By D. Lanier Shook June 16, 2013
Have you seen the 1939 Wizard of Oz with Judy Garland. Well, you need to, since its a film classic. Have you seen any of the other Oz movies? There are several good ones out there? Have you read any of the Oz books? There were several written by Mr. Baum and a number of other folks. If you click here you can find out about the people who were so impressed by the Land of Oz they continue the story.
Oz: The Great and Powerful arrived in theaters a few months ago but I only managed to see it this week. The critics I’ve heard didn’t like it, but I thought it was really good. Here’s why.
1. It’s family friendly.
I liked Oz: TG&P because it was a decent movie I wouldn’t hesitate to say I’ve seen. There are hints that Oscar Diggs —Oz— is a scoundrel, but they’re just hints. The violence is limited since the inhabitants of Oz are “forbidden from killing.” Even the bad guys fly away unharmed — more or less. Maybe it’s not a sophisticated view, but to me this is the biggest reason I liked Oz:TG&P.
2. It’s true to the books.
I am a huge fan of the Oz books. They’re family friendly, kid friendly, fun, and thought provoking. For example, we learn in one of them how the Tin Woodman became a Tin Woodman. Apparently a Wicked Witch enchanted his axe to chop off his leg, which he replaced with a tin leg. This continued with all his limbs and eventually his head. In fact, we later meet the Tin Man’s head.
If one considers the 1939 movie to be the entire Oz experience, then Oz: The Great and Powerful is disappointing. But when you consider all the books Oz: TG&P is a significant element of the story. It not only tells the story of what happened before the events of the 1939 movie, but it also is true to the “spirit” of the books.
3. It’s well acted.
Oz: The Great and Powerful has a great cast. I’m not a diehard fan of James Franco, but I’ve only seen him in Spider Man and The Great Raid. But Mr. Franco does a great job as the cocky, never-say-die con-man who’s just what Oz needs. He does a great job and I liked him in the role — and not just because he went to Warren Wilson College. (Sorry, I just had to throw that in.)
The other actors prove their worth, too. Mila Kunis had perhaps the biggest ruby slippers to fill and she did a great job. Michelle Williams, Rachel Weisz, and Zach Braff were impressive, but I thought Bill Cobb’s tinker was especially impressive.
I’d like to take this opportunity to extend my condolences to Mr. Franco, whose father died during the production.
4. It’s well written.
The 1939 Wizard of Oz was a great movie that I really enjoyed, but it was a musical vehicle for Judy Garland. The book was a very rich story in which Dorothy was about 6, her blue and white dress had political significance in Munchkinland, the shoes were silver, and Oz was presented as a very real place. In later books Uncle Henry would travel to Oz and Toto would learn to talk. The success of the 1939 film is testament to Miss Garland’s skill as an actor.

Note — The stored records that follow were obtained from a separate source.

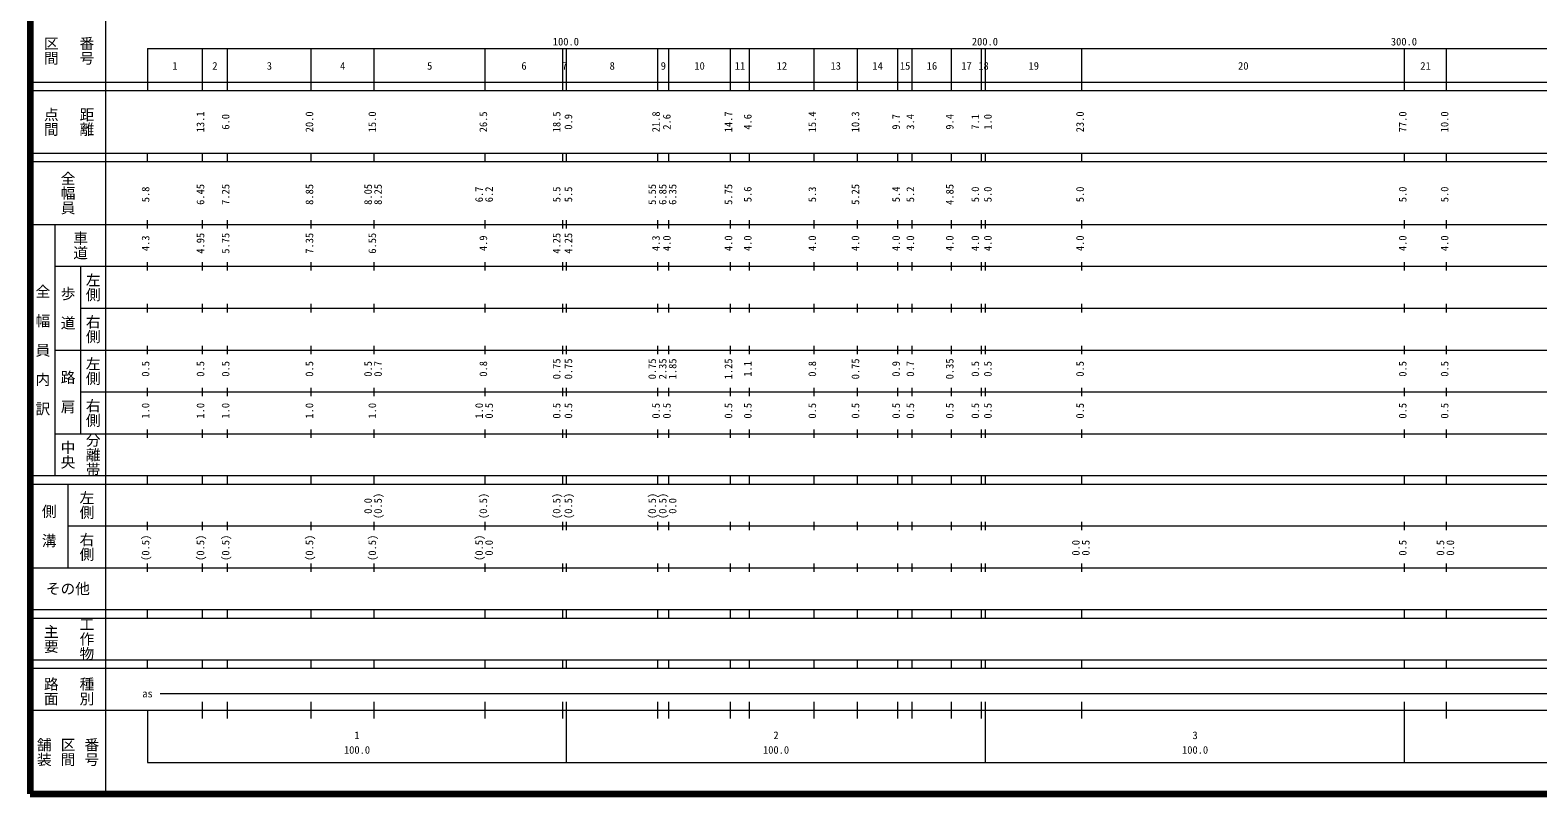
# Model space of a CAD drawing. Units: millimetres on the paper, enlarged 1000 times. Extents: x 40000 to 680000, y 20000 to 380000.
# Drawn here: x 40000 to 399796, y 20000 to 202409 of the extents above; entities that cross this region are included whole.
import ezdxf
from ezdxf.enums import TextEntityAlignment as Align

# ---------------------------------------------------------------- set-up
doc = ezdxf.new("R2010")
doc.units = ezdxf.units.MM
doc.header["$LTSCALE"] = 1000
doc.layers.add('M-TTL', color=2, linetype='Continuous', lineweight=140)
doc.layers.add('M-TTL-BAND', color=7, linetype='Continuous', lineweight=13)
doc.styles.add('@ＭＳ ゴシック', font='')
doc.styles.add('ＭＳ ゴシック', font='')
doc.styles.get('@ＭＳ ゴシック').set_extended_font_data('@MS Gothic')
doc.styles.get('ＭＳ ゴシック').set_extended_font_data('MS Gothic')

msp = doc.modelspace()

# ---------------------------------------------------------------- linework, layer by layer
at = {"layer": 'M-TTL'}
for p, q in [((40000, 380000), (40000, 20000)), ((40000, 20000), (680000, 20000))]:
    msp.add_line(p, q, dxfattribs=at)
at = {"layer": 'M-TTL-BAND'}
for p, q in [((58000, 370000), (58000, 20000)), ((68000, 198000), (579000, 198000)), ((68000, 198000), (68000, 188000)), ((81100, 188000), (81100, 198000)), ((87100, 188000), (87100, 198000)), ((107100, 188000), (107100, 198000)), ((122100, 188000), (122100, 198000)), ((148600, 188000), (148600, 198000)), ((167100, 188000), (167100, 198000)), ((168000, 188000), (168000, 198000)), ((189800, 188000), (189800, 198000)), ((192400, 188000), (192400, 198000)), ((207100, 188000), (207100, 198000)), ((211700, 188000), (211700, 198000)), ((227100, 188000), (227100, 198000)), ((237400, 188000), (237400, 198000)), ((247100, 188000), (247100, 198000)), ((250500, 188000), (250500, 198000)), ((259900, 188000), (259900, 198000)), ((267000, 188000), (267000, 198000)), ((268000, 188000), (268000, 198000)), ((291000, 188000), (291000, 198000)), ((368000, 188000), (368000, 198000)), ((378000, 188000), (378000, 198000)), ((40000, 190000), (579000, 190000)), ((40000, 188000), (579000, 188000)), ((40000, 173000), (579000, 173000)), ((68000, 171000), (68000, 173000)), ((81100, 171000), (81100, 173000)), ((87100, 171000), (87100, 173000)), ((107100, 171000), (107100, 173000)), ((122100, 171000), (122100, 173000)), ((148600, 171000), (148600, 173000)), ((167100, 171000), (167100, 173000)), ((168000, 171000), (168000, 173000)), ((189800, 171000), (189800, 173000)), ((192400, 171000), (192400, 173000)), ((207100, 171000), (207100, 173000)), ((211700, 171000), (211700, 173000)), ((227100, 171000), (227100, 173000)), ((237400, 171000), (237400, 173000)), ((247100, 171000), (247100, 173000)), ((250500, 171000), (250500, 173000)), ((259900, 171000), (259900, 173000)), ((267000, 171000), (267000, 173000)), ((268000, 171000), (268000, 173000)), ((291000, 171000), (291000, 173000)), ((368000, 171000), (368000, 173000)), ((378000, 171000), (378000, 173000)), ((40000, 171000), (579000, 171000)), ((40000, 156000), (579000, 156000)), ((46000, 96000), (46000, 156000)), ((68000, 155000), (68000, 157000)), ((81100, 155000), (81100, 157000)), ((87100, 155000), (87100, 157000)), ((107100, 155000), (107100, 157000)), ((122100, 155000), (122100, 157000)), ((148600, 155000), (148600, 157000)), ((167100, 155000), (167100, 157000)), ((168000, 155000), (168000, 157000)), ((189800, 155000), (189800, 157000)), ((192400, 155000), (192400, 157000)), ((207100, 155000), (207100, 157000)), ((211700, 155000), (211700, 157000)), ((227100, 155000), (227100, 157000)), ((237400, 155000), (237400, 157000)), ((247100, 155000), (247100, 157000)), ((250500, 155000), (250500, 157000)), ((259900, 155000), (259900, 157000)), ((267000, 155000), (267000, 157000)), ((268000, 155000), (268000, 157000)), ((291000, 155000), (291000, 157000)), ((368000, 155000), (368000, 157000)), ((378000, 155000), (378000, 157000)), ((46000, 146000), (579000, 146000)), ((52000, 146000), (52000, 106000)), ((68000, 145000), (68000, 147000)), ((81100, 145000), (81100, 147000)), ((87100, 145000), (87100, 147000)), ((107100, 145000), (107100, 147000)), ((122100, 145000), (122100, 147000)), ((148600, 145000), (148600, 147000)), ((167100, 145000), (167100, 147000)), ((168000, 145000), (168000, 147000)), ((189800, 145000), (189800, 147000)), ((192400, 145000), (192400, 147000)), ((207100, 145000), (207100, 147000)), ((211700, 145000), (211700, 147000)), ((227100, 145000), (227100, 147000)), ((237400, 145000), (237400, 147000)), ((247100, 145000), (247100, 147000)), ((250500, 145000), (250500, 147000)), ((259900, 145000), (259900, 147000)), ((267000, 145000), (267000, 147000)), ((268000, 145000), (268000, 147000)), ((291000, 145000), (291000, 147000)), ((368000, 145000), (368000, 147000)), ((378000, 145000), (378000, 147000)), ((68000, 135000), (68000, 137000)), ((81100, 135000), (81100, 137000)), ((87100, 135000), (87100, 137000)), ((107100, 135000), (107100, 137000)), ((122100, 135000), (122100, 137000)), ((148600, 135000), (148600, 137000)), ((167100, 135000), (167100, 137000)), ((168000, 135000), (168000, 137000)), ((189800, 135000), (189800, 137000)), ((192400, 135000), (192400, 137000)), ((207100, 135000), (207100, 137000)), ((211700, 135000), (211700, 137000)), ((227100, 135000), (227100, 137000)), ((237400, 135000), (237400, 137000)), ((247100, 135000), (247100, 137000)), ((250500, 135000), (250500, 137000)), ((259900, 135000), (259900, 137000)), ((267000, 135000), (267000, 137000)), ((268000, 135000), (268000, 137000)), ((291000, 135000), (291000, 137000)), ((368000, 135000), (368000, 137000)), ((378000, 135000), (378000, 137000)), ((52000, 136000), (579000, 136000)), ((46000, 126000), (579000, 126000)), ((68000, 125000), (68000, 127000)), ((81100, 125000), (81100, 127000)), ((87100, 125000), (87100, 127000)), ((107100, 125000), (107100, 127000)), ((122100, 125000), (122100, 127000)), ((148600, 125000), (148600, 127000)), ((167100, 125000), (167100, 127000)), ((168000, 125000), (168000, 127000)), ((189800, 125000), (189800, 127000)), ((192400, 125000), (192400, 127000)), ((207100, 125000), (207100, 127000)), ((211700, 125000), (211700, 127000)), ((227100, 125000), (227100, 127000)), ((237400, 125000), (237400, 127000)), ((247100, 125000), (247100, 127000)), ((250500, 125000), (250500, 127000)), ((259900, 125000), (259900, 127000)), ((267000, 125000), (267000, 127000)), ((268000, 125000), (268000, 127000)), ((291000, 125000), (291000, 127000)), ((368000, 125000), (368000, 127000)), ((378000, 125000), (378000, 127000)), ((52000, 116000), (579000, 116000)), ((68000, 115000), (68000, 117000)), ((81100, 115000), (81100, 117000)), ((87100, 115000), (87100, 117000)), ((107100, 115000), (107100, 117000)), ((122100, 115000), (122100, 117000)), ((148600, 115000), (148600, 117000)), ((167100, 115000), (167100, 117000)), ((168000, 115000), (168000, 117000)), ((189800, 115000), (189800, 117000)), ((192400, 115000), (192400, 117000)), ((207100, 115000), (207100, 117000)), ((211700, 115000), (211700, 117000)), ((227100, 115000), (227100, 117000)), ((237400, 115000), (237400, 117000)), ((247100, 115000), (247100, 117000)), ((250500, 115000), (250500, 117000)), ((259900, 115000), (259900, 117000)), ((267000, 115000), (267000, 117000)), ((268000, 115000), (268000, 117000)), ((291000, 115000), (291000, 117000)), ((368000, 115000), (368000, 117000)), ((378000, 115000), (378000, 117000)), ((46000, 106000), (579000, 106000)), ((68000, 105000), (68000, 107000)), ((81100, 105000), (81100, 107000)), ((87100, 105000), (87100, 107000)), ((107100, 105000), (107100, 107000)), ((122100, 105000), (122100, 107000)), ((148600, 105000), (148600, 107000)), ((167100, 105000), (167100, 107000)), ((168000, 105000), (168000, 107000)), ((189800, 105000), (189800, 107000)), ((192400, 105000), (192400, 107000)), ((207100, 105000), (207100, 107000)), ((211700, 105000), (211700, 107000)), ((227100, 105000), (227100, 107000)), ((237400, 105000), (237400, 107000)), ((247100, 105000), (247100, 107000)), ((250500, 105000), (250500, 107000)), ((259900, 105000), (259900, 107000)), ((267000, 105000), (267000, 107000)), ((268000, 105000), (268000, 107000)), ((291000, 105000), (291000, 107000)), ((368000, 105000), (368000, 107000)), ((378000, 105000), (378000, 107000)), ((40000, 96000), (579000, 96000)), ((40000, 94000), (579000, 94000)), ((49000, 94000), (49000, 74000)), ((68000, 94000), (68000, 96000)), ((81100, 94000), (81100, 96000)), ((87100, 94000), (87100, 96000)), ((107100, 94000), (107100, 96000)), ((122100, 94000), (122100, 96000)), ((148600, 94000), (148600, 96000)), ((167100, 94000), (167100, 96000)), ((168000, 94000), (168000, 96000)), ((189800, 94000), (189800, 96000)), ((192400, 94000), (192400, 96000)), ((207100, 94000), (207100, 96000)), ((211700, 94000), (211700, 96000)), ((227100, 94000), (227100, 96000)), ((237400, 94000), (237400, 96000)), ((247100, 94000), (247100, 96000)), ((250500, 94000), (250500, 96000)), ((259900, 94000), (259900, 96000)), ((267000, 94000), (267000, 96000)), ((268000, 94000), (268000, 96000)), ((291000, 94000), (291000, 96000)), ((368000, 94000), (368000, 96000)), ((378000, 94000), (378000, 96000)), ((49000, 84000), (579000, 84000)), ((68000, 83000), (68000, 85000)), ((81100, 83000), (81100, 85000)), ((87100, 83000), (87100, 85000)), ((107100, 83000), (107100, 85000)), ((122100, 83000), (122100, 85000)), ((148600, 83000), (148600, 85000)), ((167100, 83000), (167100, 85000)), ((168000, 83000), (168000, 85000)), ((189800, 83000), (189800, 85000)), ((192400, 83000), (192400, 85000)), ((207100, 83000), (207100, 85000)), ((211700, 83000), (211700, 85000)), ((227100, 83000), (227100, 85000)), ((237400, 83000), (237400, 85000)), ((247100, 83000), (247100, 85000)), ((250500, 83000), (250500, 85000)), ((259900, 83000), (259900, 85000)), ((267000, 83000), (267000, 85000)), ((268000, 83000), (268000, 85000)), ((291000, 83000), (291000, 85000)), ((368000, 83000), (368000, 85000)), ((378000, 83000), (378000, 85000)), ((40000, 74000), (579000, 74000)), ((68000, 73000), (68000, 75000)), ((81100, 73000), (81100, 75000)), ((87100, 73000), (87100, 75000)), ((107100, 73000), (107100, 75000)), ((122100, 73000), (122100, 75000)), ((148600, 73000), (148600, 75000)), ((167100, 73000), (167100, 75000)), ((168000, 73000), (168000, 75000)), ((189800, 73000), (189800, 75000)), ((192400, 73000), (192400, 75000)), ((207100, 73000), (207100, 75000)), ((211700, 73000), (211700, 75000)), ((227100, 73000), (227100, 75000)), ((237400, 73000), (237400, 75000)), ((247100, 73000), (247100, 75000)), ((250500, 73000), (250500, 75000)), ((259900, 73000), (259900, 75000)), ((267000, 73000), (267000, 75000)), ((268000, 73000), (268000, 75000)), ((291000, 73000), (291000, 75000)), ((368000, 73000), (368000, 75000)), ((378000, 73000), (378000, 75000)), ((40000, 64000), (579000, 64000)), ((40000, 62000), (579000, 62000)), ((68000, 62000), (68000, 64000)), ((81100, 62000), (81100, 64000)), ((87100, 62000), (87100, 64000)), ((107100, 62000), (107100, 64000)), ((122100, 62000), (122100, 64000)), ((148600, 62000), (148600, 64000)), ((167100, 62000), (167100, 64000)), ((168000, 62000), (168000, 64000)), ((189800, 62000), (189800, 64000)), ((192400, 62000), (192400, 64000)), ((207100, 62000), (207100, 64000)), ((211700, 62000), (211700, 64000)), ((227100, 62000), (227100, 64000)), ((237400, 62000), (237400, 64000)), ((247100, 62000), (247100, 64000)), ((250500, 62000), (250500, 64000)), ((259900, 62000), (259900, 64000)), ((267000, 62000), (267000, 64000)), ((268000, 62000), (268000, 64000)), ((291000, 62000), (291000, 64000)), ((368000, 62000), (368000, 64000)), ((378000, 62000), (378000, 64000)), ((40000, 52000), (579000, 52000)), ((68000, 50000), (68000, 52000)), ((81100, 50000), (81100, 52000)), ((87100, 50000), (87100, 52000)), ((107100, 50000), (107100, 52000)), ((122100, 50000), (122100, 52000)), ((148600, 50000), (148600, 52000)), ((167100, 50000), (167100, 52000)), ((168000, 50000), (168000, 52000)), ((189800, 50000), (189800, 52000)), ((192400, 50000), (192400, 52000)), ((207100, 50000), (207100, 52000)), ((211700, 50000), (211700, 52000)), ((227100, 50000), (227100, 52000)), ((237400, 50000), (237400, 52000)), ((247100, 50000), (247100, 52000)), ((250500, 50000), (250500, 52000)), ((259900, 50000), (259900, 52000)), ((267000, 50000), (267000, 52000)), ((268000, 50000), (268000, 52000)), ((291000, 50000), (291000, 52000)), ((368000, 50000), (368000, 52000)), ((378000, 50000), (378000, 52000)), ((40000, 50000), (579000, 50000)), ((71000, 44000), (565000, 44000)), ((40000, 40000), (579000, 40000)), ((68000, 40000), (68000, 27500)), ((81100, 38000), (81100, 42000)), ((87100, 38000), (87100, 42000)), ((107100, 38000), (107100, 42000)), ((122100, 38000), (122100, 42000)), ((148600, 38000), (148600, 42000)), ((167100, 38000), (167100, 42000)), ((168000, 27500), (168000, 42000)), ((189800, 38000), (189800, 42000)), ((192400, 38000), (192400, 42000)), ((207100, 38000), (207100, 42000)), ((211700, 38000), (211700, 42000)), ((227100, 38000), (227100, 42000)), ((237400, 38000), (237400, 42000)), ((247100, 38000), (247100, 42000)), ((250500, 38000), (250500, 42000)), ((259900, 38000), (259900, 42000)), ((267000, 38000), (267000, 42000)), ((268000, 27500), (268000, 42000)), ((291000, 38000), (291000, 42000)), ((368000, 27500), (368000, 42000)), ((378000, 38000), (378000, 42000)), ((68000, 27500), (579000, 27500))]:
    msp.add_line(p, q, dxfattribs=at)

# ---------------------------------------------------------------- texts
at = {"layer": 'M-TTL-BAND', "style": '@ＭＳ ゴシック'}
for s, p in [('区間', (45000, 197500)), ('番号', (53500, 197500)), ('点間', (45000, 180500)), ('距離', (53500, 180500)), ('全幅員', (49000, 163500)), ('車道', (52000, 151000)), ('左側', (55000, 141000)), ('全\u3000幅\u3000員\u3000内\u3000訳', (43000, 126000)), ('歩\u3000道', (49000, 136000)), ('右側', (55000, 131000)), ('左側', (55000, 121000)), ('路\u3000肩', (49000, 116000)), ('右側', (55000, 111000)), ('中央', (49000, 101000)), ('分離帯', (55000, 101000)), ('左側', (53500, 89000)), ('側\u3000溝', (44500, 84000)), ('右側', (53500, 79000)), ('工作物', (53500, 57000)), ('主要', (45000, 57000)), ('路面', (45000, 44500)), ('種別', (53500, 44500)), ('舗装', (43333, 30000)), ('区間', (49000, 30000)), ('番号', (54667, 30000))]:
    msp.add_text(s, height=2566, rotation=270, dxfattribs=at).set_placement(p, align=Align.MIDDLE_CENTER)
at = {"layer": 'M-TTL-BAND', "style": 'ＭＳ ゴシック'}
for s, p in [('100.0', (167844, 198195)), ('200.0', (267844, 198195)), ('300.0', (367844, 198195)), ('1', (74550, 192405)), ('2', (84100, 192405)), ('3', (97100, 192405)), ('4', (114600, 192405)), ('5', (135350, 192405)), ('6', (157850, 192405)), ('7', (167550, 192405)), ('8', (178900, 192405)), ('9', (191100, 192405)), ('10', (199750, 192405)), ('11', (209400, 192405)), ('12', (219400, 192405)), ('13', (232250, 192405)), ('14', (242250, 192405)), ('15', (248800, 192405)), ('16', (255200, 192405)), ('17', (263450, 192405)), ('18', (267500, 192405)), ('19', (279500, 192405)), ('20', (329500, 192405)), ('21', (373000, 192405)), ('as', (68000, 42500)), ('1', (118000, 32523)), ('2', (218000, 32523)), ('3', (318000, 32523)), ('100.0', (118000, 29033)), ('100.0', (218000, 29033)), ('100.0', (318000, 29033))]:
    msp.add_text(s, height=1833, dxfattribs=at).set_placement(p, align=Align.BOTTOM_CENTER)
for s, p in [('13.1', (82100, 180500)), ('6.0', (88100, 180500)), ('20.0', (108100, 180500)), ('15.0', (123100, 180500)), ('26.5', (149600, 180500)), ('18.5', (167100, 180500)), ('0.9', (169900, 180500)), ('21.8', (190800, 180500)), ('2.6', (193400, 180500)), ('14.7', (208100, 180500)), ('4.6', (212700, 180500)), ('15.4', (228100, 180500)), ('10.3', (238400, 180500)), ('9.7', (248100, 180500)), ('3.4', (251500, 180500)), ('9.4', (260900, 180500)), ('7.1', (267000, 180500)), ('1.0', (270000, 180500)), ('23.0', (292000, 180500)), ('77.0', (369000, 180500)), ('10.0', (379000, 180500)), ('6.45', (82100, 163174)), ('7.25', (88100, 163174)), ('8.85', (108100, 163174)), ('8.05', (122100, 163174)), ('8.25', (124470, 163174)), ('5.55', (189900, 163174)), ('6.85', (192400, 163174)), ('6.35', (194770, 163174)), ('5.75', (208100, 163174)), ('5.25', (238400, 163174)), ('4.85', (260900, 163174)), ('5.8', (69000, 163174)), ('6.7', (148600, 163174)), ('6.2', (150970, 163174)), ('5.5', (167100, 163174)), ('5.5', (169900, 163174)), ('5.6', (212700, 163174)), ('5.3', (228100, 163174)), ('5.4', (248100, 163174)), ('5.2', (251500, 163174)), ('5.0', (267000, 163174)), ('5.0', (270000, 163174)), ('5.0', (292000, 163174)), ('5.0', (369000, 163174)), ('5.0', (379000, 163174)), ('4.3', (69000, 151500)), ('4.95', (82100, 151500)), ('5.75', (88100, 151500)), ('7.35', (108100, 151500)), ('6.55', (123100, 151500)), ('4.9', (149600, 151500)), ('4.25', (167100, 151500)), ('4.25', (169900, 151500)), ('4.3', (190800, 151500)), ('4.0', (193400, 151500)), ('4.0', (208100, 151500)), ('4.0', (212700, 151500)), ('4.0', (228100, 151500)), ('4.0', (238400, 151500)), ('4.0', (248100, 151500)), ('4.0', (251500, 151500)), ('4.0', (260900, 151500)), ('4.0', (267000, 151500)), ('4.0', (270000, 151500)), ('4.0', (292000, 151500)), ('4.0', (369000, 151500)), ('4.0', (379000, 151500)), ('0.5', (69000, 121500)), ('0.5', (82100, 121500)), ('0.5', (88100, 121500)), ('0.5', (108100, 121500)), ('0.5', (122100, 121500)), ('0.7', (124470, 121500)), ('0.8', (149600, 121500)), ('0.75', (167100, 121500)), ('0.75', (169900, 121500)), ('0.75', (189900, 121500)), ('2.35', (192400, 121500)), ('1.85', (194770, 121500)), ('1.25', (208100, 121500)), ('1.1', (212700, 121500)), ('0.8', (228100, 121500)), ('0.75', (238400, 121500)), ('0.9', (248100, 121500)), ('0.7', (251500, 121500)), ('0.35', (260900, 121500)), ('0.5', (267000, 121500)), ('0.5', (270000, 121500)), ('0.5', (292000, 121500)), ('0.5', (369000, 121500)), ('0.5', (379000, 121500)), ('1.0', (69000, 111500)), ('1.0', (82100, 111500)), ('1.0', (88100, 111500)), ('1.0', (108100, 111500)), ('1.0', (123100, 111500)), ('1.0', (148600, 111500)), ('0.5', (150970, 111500)), ('0.5', (167100, 111500)), ('0.5', (169900, 111500)), ('0.5', (190800, 111500)), ('0.5', (193400, 111500)), ('0.5', (208100, 111500)), ('0.5', (212700, 111500)), ('0.5', (228100, 111500)), ('0.5', (238400, 111500)), ('0.5', (248100, 111500)), ('0.5', (251500, 111500)), ('0.5', (260900, 111500)), ('0.5', (267000, 111500)), ('0.5', (270000, 111500)), ('0.5', (292000, 111500)), ('0.5', (369000, 111500)), ('0.5', (379000, 111500)), ('0.0', (122100, 88764)), ('(0.5)', (124470, 88764)), ('(0.5)', (149600, 88764)), ('(0.5)', (167100, 88764)), ('(0.5)', (169900, 88764)), ('(0.5)', (189900, 88764)), ('(0.5)', (192400, 88764)), ('0.0', (194770, 88764)), ('(0.5)', (69000, 78764)), ('(0.5)', (82100, 78764)), ('(0.5)', (88100, 78764)), ('(0.5)', (108100, 78764)), ('(0.5)', (123100, 78764)), ('(0.5)', (148600, 78764)), ('0.0', (150970, 78764)), ('0.0', (291000, 78764)), ('0.5', (293370, 78764)), ('0.5', (369000, 78764)), ('0.5', (378000, 78764)), ('0.0', (380370, 78764))]:
    msp.add_text(s, height=1833, rotation=90, dxfattribs=at).set_placement(p, align=Align.BOTTOM_CENTER)
msp.add_text('その他', height=2566, dxfattribs=at).set_placement((49000, 69000), align=Align.MIDDLE_CENTER)

doc.saveas('drawing.dxf')

Oz: The Great and Powerful is true to the book, while paying homage to the 1939 picture. Most importantly it considers Oz to be a very real place. It takes a lighthearted approach but factual to the magic of Oz, which is in line with L. Frank Baum’s books. Finally, it fits into the history of Oz by introducing the wizard.
5. It’s really good Steampunk.
Oz: The Great and Powerful is a steampunk bonanza. If you aren’t familiar with steampunk think of it as Victorian technology, society, and fashion extended over a hundred years. (Or click here for Wikipedia’s definition.)
Oz:TG&P includes gadgets, hot air balloons, Thomas Edison, and other trademark steampunk elements. This is particularly significant because the original books were very much steampunk. L. Frank Baum had wind up men, a city that rose from the water, and “wheelers,” people with wheels on their hands and feet.
I have to close with a passage from the original Wizard of Oz book that has stuck with me. After Dorothy’s house is picked up by the tornado it flies through the air for some time. A trapdoor is open and Toto falls through. Well, Dorothy is heartbroken but after a while she looks over and sees that the little black dog is sitting there, held up by the air pressure coming through the trap door. She scoops up Toto and they continue to Oz.
I like to joke that after that Toto was no longer a little dog with silky black hair. Instead he was a little dog with solid white hair that just stared out into space and didn’t say anything. Just had to mention that.